(Records from a collection)
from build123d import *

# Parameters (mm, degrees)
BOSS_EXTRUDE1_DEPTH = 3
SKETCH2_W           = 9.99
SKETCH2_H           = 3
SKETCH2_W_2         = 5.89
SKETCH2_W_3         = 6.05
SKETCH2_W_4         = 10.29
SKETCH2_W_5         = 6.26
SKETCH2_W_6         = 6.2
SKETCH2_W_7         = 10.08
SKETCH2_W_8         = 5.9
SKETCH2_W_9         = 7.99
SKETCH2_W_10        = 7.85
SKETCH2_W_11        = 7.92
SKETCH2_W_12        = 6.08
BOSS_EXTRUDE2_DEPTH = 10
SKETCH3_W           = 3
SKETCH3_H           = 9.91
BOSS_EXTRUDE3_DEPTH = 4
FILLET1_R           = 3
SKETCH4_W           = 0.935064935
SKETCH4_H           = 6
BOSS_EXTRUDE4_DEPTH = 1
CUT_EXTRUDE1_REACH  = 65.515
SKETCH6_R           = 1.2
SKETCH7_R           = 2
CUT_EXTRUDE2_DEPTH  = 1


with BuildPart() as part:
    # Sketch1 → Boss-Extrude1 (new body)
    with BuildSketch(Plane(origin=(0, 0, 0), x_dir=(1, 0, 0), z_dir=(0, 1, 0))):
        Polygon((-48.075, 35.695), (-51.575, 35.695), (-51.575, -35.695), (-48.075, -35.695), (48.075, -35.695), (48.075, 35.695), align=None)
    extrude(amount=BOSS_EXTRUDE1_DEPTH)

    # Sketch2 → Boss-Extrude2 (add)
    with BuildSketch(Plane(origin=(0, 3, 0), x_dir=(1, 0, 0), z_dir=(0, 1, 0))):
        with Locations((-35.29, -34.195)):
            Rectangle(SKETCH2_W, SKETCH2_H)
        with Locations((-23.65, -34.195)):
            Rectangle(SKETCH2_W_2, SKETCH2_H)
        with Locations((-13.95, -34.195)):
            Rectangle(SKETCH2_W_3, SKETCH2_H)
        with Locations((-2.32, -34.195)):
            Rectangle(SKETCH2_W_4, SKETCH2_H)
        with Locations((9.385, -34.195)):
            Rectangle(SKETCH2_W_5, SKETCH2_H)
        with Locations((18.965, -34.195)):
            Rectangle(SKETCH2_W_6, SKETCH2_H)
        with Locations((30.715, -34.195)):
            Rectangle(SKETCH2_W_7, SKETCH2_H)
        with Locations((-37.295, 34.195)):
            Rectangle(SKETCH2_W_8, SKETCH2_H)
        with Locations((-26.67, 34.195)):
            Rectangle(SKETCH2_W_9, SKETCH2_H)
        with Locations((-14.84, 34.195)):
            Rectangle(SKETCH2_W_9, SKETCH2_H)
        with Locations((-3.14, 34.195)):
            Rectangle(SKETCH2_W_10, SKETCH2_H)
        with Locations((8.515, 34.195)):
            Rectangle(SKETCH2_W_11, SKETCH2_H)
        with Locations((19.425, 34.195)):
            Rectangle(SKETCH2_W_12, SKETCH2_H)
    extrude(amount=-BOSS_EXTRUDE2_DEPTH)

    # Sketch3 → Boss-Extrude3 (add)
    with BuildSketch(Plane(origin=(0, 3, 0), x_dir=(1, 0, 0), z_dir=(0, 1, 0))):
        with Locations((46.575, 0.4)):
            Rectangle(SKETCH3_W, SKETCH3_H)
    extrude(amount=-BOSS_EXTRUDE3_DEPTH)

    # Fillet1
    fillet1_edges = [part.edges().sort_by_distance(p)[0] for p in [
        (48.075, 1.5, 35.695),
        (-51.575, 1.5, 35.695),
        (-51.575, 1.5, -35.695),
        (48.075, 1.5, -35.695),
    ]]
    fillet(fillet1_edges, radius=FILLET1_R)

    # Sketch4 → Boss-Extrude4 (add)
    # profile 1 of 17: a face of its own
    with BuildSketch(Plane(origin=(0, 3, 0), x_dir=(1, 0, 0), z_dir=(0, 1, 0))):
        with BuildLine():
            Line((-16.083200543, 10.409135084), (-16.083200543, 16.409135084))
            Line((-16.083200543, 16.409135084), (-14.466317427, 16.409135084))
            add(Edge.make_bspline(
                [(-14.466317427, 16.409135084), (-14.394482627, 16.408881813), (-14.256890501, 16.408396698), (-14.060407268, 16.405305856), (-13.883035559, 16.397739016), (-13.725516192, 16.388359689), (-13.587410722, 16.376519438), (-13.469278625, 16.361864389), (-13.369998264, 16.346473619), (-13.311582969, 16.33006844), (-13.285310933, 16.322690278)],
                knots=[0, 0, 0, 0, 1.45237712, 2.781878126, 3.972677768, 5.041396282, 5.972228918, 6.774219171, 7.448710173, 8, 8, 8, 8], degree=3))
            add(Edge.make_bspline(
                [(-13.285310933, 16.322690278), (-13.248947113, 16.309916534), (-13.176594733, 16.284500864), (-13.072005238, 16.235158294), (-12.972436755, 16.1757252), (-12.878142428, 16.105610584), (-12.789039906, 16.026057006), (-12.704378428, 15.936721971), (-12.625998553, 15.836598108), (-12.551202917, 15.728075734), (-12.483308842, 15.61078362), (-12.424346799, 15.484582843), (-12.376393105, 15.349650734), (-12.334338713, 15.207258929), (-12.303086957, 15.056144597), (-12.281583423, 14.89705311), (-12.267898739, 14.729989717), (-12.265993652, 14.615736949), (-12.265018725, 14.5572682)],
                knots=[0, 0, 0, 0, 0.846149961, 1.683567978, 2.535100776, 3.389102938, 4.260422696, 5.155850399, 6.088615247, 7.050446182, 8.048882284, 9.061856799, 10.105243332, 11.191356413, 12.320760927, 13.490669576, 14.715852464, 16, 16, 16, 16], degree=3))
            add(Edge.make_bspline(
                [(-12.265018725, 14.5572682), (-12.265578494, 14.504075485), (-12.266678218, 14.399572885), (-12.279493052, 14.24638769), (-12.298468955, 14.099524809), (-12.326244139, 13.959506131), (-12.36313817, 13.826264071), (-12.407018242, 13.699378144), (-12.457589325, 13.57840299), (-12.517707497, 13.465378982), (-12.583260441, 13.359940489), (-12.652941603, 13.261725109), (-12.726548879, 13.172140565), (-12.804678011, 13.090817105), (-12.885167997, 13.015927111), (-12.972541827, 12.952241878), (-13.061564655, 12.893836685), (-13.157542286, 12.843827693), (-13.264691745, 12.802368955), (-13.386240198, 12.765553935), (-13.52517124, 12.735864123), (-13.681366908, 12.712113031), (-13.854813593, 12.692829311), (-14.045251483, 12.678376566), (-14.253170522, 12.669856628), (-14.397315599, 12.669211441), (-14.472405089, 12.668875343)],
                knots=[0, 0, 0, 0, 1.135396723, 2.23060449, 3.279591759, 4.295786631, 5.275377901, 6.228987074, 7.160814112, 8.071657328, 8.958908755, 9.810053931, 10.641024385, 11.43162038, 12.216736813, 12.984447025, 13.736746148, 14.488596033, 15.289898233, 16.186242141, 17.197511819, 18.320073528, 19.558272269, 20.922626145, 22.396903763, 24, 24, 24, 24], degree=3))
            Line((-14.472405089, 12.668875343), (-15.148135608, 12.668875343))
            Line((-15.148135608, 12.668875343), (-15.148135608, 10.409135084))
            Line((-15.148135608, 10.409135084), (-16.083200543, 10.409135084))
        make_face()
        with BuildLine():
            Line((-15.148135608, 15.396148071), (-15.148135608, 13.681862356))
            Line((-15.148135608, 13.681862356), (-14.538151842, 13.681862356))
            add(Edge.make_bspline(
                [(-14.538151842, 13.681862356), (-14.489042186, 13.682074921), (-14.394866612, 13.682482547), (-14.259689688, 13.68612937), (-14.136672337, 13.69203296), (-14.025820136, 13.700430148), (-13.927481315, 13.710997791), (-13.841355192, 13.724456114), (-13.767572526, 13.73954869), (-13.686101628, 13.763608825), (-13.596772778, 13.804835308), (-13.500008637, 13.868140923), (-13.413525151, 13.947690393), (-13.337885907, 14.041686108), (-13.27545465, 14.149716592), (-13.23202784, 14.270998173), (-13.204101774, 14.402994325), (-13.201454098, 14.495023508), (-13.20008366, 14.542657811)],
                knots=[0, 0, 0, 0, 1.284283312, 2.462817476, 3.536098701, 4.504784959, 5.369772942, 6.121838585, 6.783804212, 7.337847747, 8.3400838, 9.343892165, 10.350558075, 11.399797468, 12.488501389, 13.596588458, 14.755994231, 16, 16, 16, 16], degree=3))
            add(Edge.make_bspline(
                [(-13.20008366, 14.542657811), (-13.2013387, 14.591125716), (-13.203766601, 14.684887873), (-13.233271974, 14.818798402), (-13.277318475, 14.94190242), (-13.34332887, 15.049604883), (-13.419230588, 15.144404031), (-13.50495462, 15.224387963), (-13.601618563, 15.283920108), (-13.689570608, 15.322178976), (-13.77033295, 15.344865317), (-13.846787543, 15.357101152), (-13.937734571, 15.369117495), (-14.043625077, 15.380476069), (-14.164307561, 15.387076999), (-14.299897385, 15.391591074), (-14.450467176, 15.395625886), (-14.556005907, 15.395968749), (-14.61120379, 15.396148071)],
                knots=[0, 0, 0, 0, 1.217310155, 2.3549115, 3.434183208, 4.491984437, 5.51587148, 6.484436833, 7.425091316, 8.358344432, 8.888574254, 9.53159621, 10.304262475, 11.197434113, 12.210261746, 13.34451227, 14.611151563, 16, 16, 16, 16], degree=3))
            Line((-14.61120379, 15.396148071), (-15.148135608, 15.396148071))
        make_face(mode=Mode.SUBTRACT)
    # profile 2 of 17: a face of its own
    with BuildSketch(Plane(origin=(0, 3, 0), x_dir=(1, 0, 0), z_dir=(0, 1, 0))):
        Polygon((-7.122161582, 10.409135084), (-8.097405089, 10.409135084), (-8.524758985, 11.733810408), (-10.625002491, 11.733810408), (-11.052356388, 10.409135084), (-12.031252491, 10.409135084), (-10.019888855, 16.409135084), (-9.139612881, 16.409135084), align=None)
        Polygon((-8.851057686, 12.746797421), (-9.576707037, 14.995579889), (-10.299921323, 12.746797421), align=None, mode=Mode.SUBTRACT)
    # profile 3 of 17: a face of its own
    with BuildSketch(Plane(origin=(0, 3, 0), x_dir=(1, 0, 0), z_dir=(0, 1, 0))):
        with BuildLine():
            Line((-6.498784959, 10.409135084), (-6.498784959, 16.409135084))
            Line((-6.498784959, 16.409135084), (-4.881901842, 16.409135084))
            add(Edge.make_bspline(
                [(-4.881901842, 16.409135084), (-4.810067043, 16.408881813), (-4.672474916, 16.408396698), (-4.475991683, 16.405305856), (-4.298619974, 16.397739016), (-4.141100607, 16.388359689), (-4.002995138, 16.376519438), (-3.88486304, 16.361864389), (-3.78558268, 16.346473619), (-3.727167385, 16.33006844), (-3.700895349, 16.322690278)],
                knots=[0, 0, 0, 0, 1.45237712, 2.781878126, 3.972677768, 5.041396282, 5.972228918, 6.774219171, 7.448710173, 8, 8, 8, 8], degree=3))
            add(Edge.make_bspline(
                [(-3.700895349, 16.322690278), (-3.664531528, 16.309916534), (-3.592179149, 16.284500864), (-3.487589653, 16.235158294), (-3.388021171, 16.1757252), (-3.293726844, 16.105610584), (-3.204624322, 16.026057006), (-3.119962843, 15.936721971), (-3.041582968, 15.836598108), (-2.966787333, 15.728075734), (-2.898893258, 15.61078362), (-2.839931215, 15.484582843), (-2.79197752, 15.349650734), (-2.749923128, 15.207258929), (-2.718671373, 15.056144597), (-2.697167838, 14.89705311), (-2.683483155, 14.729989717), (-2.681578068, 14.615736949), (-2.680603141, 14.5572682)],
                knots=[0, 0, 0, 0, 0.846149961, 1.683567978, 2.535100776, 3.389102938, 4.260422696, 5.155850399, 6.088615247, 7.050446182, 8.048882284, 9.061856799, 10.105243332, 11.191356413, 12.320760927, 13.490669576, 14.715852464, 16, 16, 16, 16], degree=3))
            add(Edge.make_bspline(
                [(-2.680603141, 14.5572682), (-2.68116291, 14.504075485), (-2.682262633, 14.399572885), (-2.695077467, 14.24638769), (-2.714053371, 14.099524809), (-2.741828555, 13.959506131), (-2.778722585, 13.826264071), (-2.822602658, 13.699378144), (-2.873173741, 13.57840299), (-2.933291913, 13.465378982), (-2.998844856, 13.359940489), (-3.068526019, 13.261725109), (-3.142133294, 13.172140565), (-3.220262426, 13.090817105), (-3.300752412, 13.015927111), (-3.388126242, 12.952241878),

**Exercise requirements**
A bare number should be your reply: how many lines in the entries above include the word "mode".

**Result of the task**
2